Records excerpted from a collection

:::::

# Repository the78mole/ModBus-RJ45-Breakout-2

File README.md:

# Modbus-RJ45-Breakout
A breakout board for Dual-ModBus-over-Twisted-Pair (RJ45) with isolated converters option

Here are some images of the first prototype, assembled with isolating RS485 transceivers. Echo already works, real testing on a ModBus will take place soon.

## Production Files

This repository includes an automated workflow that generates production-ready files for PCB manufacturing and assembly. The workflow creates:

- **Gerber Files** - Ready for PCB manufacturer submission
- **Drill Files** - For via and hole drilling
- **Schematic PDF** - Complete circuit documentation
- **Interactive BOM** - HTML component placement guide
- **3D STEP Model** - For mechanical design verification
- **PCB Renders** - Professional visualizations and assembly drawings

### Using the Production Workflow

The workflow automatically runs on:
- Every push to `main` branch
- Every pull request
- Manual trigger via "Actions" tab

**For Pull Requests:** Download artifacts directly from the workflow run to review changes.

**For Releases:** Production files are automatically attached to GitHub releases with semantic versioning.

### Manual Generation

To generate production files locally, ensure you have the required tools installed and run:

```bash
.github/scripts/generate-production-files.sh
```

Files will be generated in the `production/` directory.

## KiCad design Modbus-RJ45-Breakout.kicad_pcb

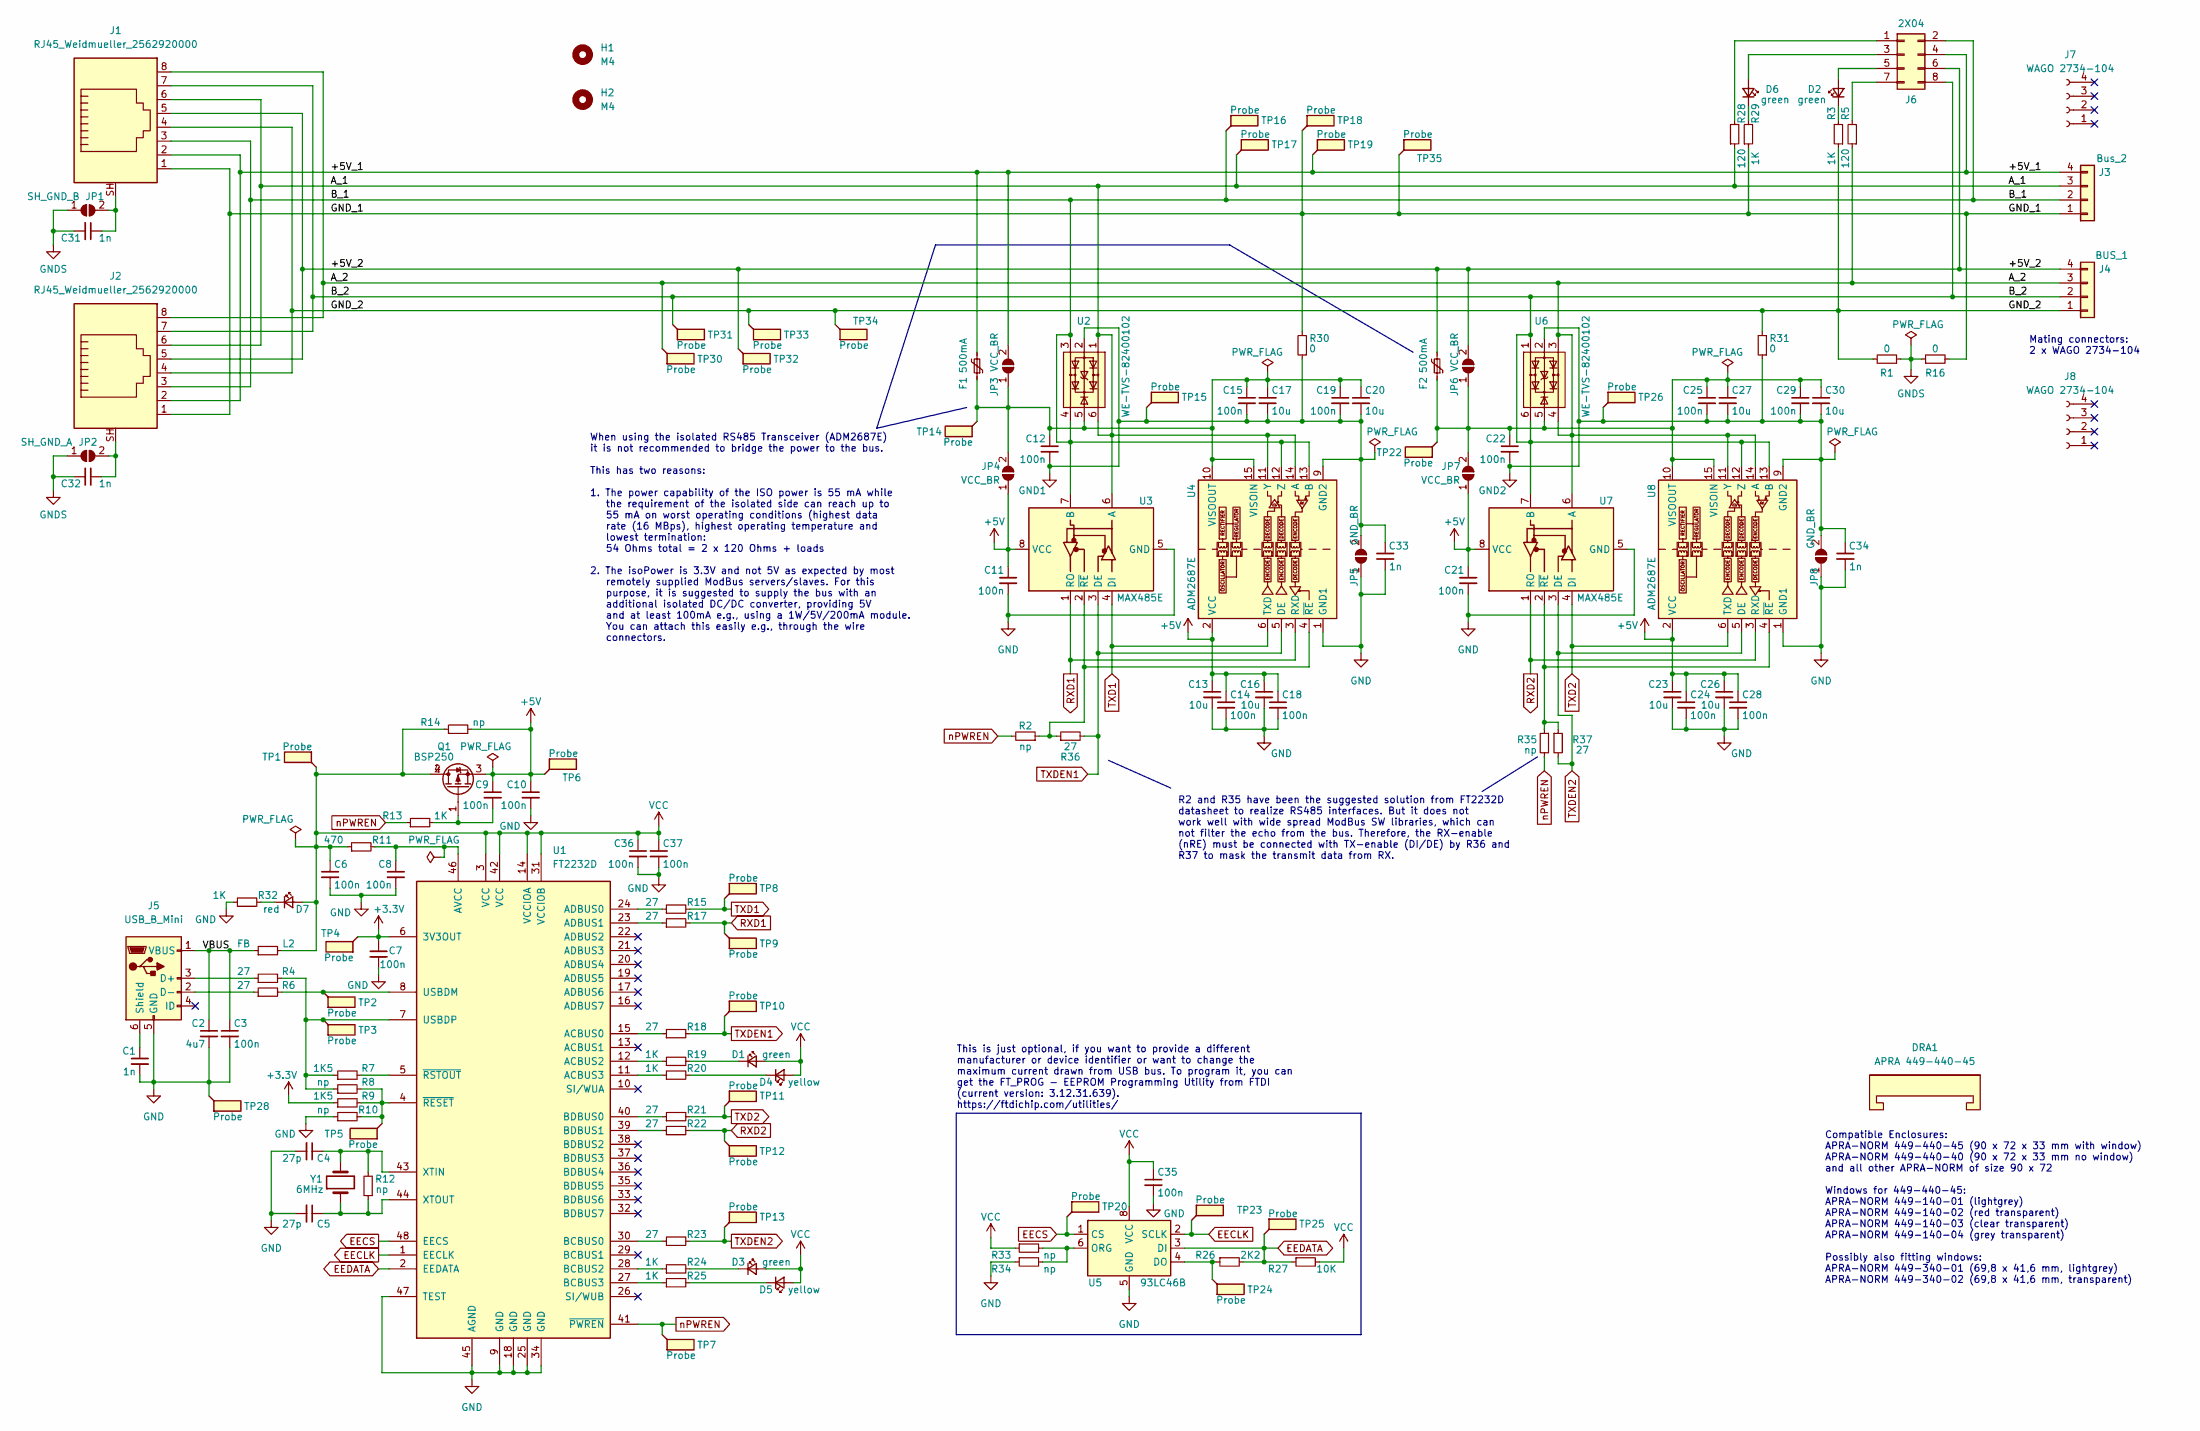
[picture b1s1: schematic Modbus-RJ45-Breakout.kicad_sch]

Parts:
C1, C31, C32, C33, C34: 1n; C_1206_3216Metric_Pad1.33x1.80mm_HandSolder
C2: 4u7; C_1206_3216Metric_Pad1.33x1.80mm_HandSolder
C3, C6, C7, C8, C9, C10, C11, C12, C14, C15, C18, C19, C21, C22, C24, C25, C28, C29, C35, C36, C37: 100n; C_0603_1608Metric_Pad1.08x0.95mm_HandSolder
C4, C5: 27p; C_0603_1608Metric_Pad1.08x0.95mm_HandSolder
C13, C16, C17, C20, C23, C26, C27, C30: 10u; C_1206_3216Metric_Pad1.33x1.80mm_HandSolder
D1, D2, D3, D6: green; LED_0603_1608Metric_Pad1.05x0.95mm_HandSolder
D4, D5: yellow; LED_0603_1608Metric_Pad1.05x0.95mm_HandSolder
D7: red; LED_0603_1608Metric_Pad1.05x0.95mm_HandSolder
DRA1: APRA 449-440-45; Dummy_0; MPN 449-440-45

:::::

**What the task asks:** Your copy of the records must match them exactly, except that no pictures appear in it.

**Solution to this problem:**
# Repository the78mole/ModBus-RJ45-Breakout-2

File README.md:

# Modbus-RJ45-Breakout
A breakout board for Dual-ModBus-over-Twisted-Pair (RJ45) with isolated converters option

Here are some images of the first prototype, assembled with isolating RS485 transceivers. Echo already works, real testing on a ModBus will take place soon.

## Production Files

This repository includes an automated workflow that generates production-ready files for PCB manufacturing and assembly. The workflow creates:

- **Gerber Files** - Ready for PCB manufacturer submission
- **Drill Files** - For via and hole drilling
- **Schematic PDF** - Complete circuit documentation
- **Interactive BOM** - HTML component placement guide
- **3D STEP Model** - For mechanical design verification
- **PCB Renders** - Professional visualizations and assembly drawings

### Using the Production Workflow

The workflow automatically runs on:
- Every push to `main` branch
- Every pull request
- Manual trigger via "Actions" tab

**For Pull Requests:** Download artifacts directly from the workflow run to review changes.

**For Releases:** Production files are automatically attached to GitHub releases with semantic versioning.

### Manual Generation

To generate production files locally, ensure you have the required tools installed and run:

```bash
.github/scripts/generate-production-files.sh
```

Files will be generated in the `production/` directory.

## KiCad design Modbus-RJ45-Breakout.kicad_pcb

[picture b1s1: schematic Modbus-RJ45-Breakout.kicad_sch]

Parts:
C1, C31, C32, C33, C34: 1n; C_1206_3216Metric_Pad1.33x1.80mm_HandSolder
C2: 4u7; C_1206_3216Metric_Pad1.33x1.80mm_HandSolder
C3, C6, C7, C8, C9, C10, C11, C12, C14, C15, C18, C19, C21, C22, C24, C25, C28, C29, C35, C36, C37: 100n; C_0603_1608Metric_Pad1.08x0.95mm_HandSolder
C4, C5: 27p; C_0603_1608Metric_Pad1.08x0.95mm_HandSolder
C13, C16, C17, C20, C23, C26, C27, C30: 10u; C_1206_3216Metric_Pad1.33x1.80mm_HandSolder
D1, D2, D3, D6: green; LED_0603_1608Metric_Pad1.05x0.95mm_HandSolder
D4, D5: yellow; LED_0603_1608Metric_Pad1.05x0.95mm_HandSolder
D7: red; LED_0603_1608Metric_Pad1.05x0.95mm_HandSolder
DRA1: APRA 449-440-45; Dummy_0; MPN 449-440-45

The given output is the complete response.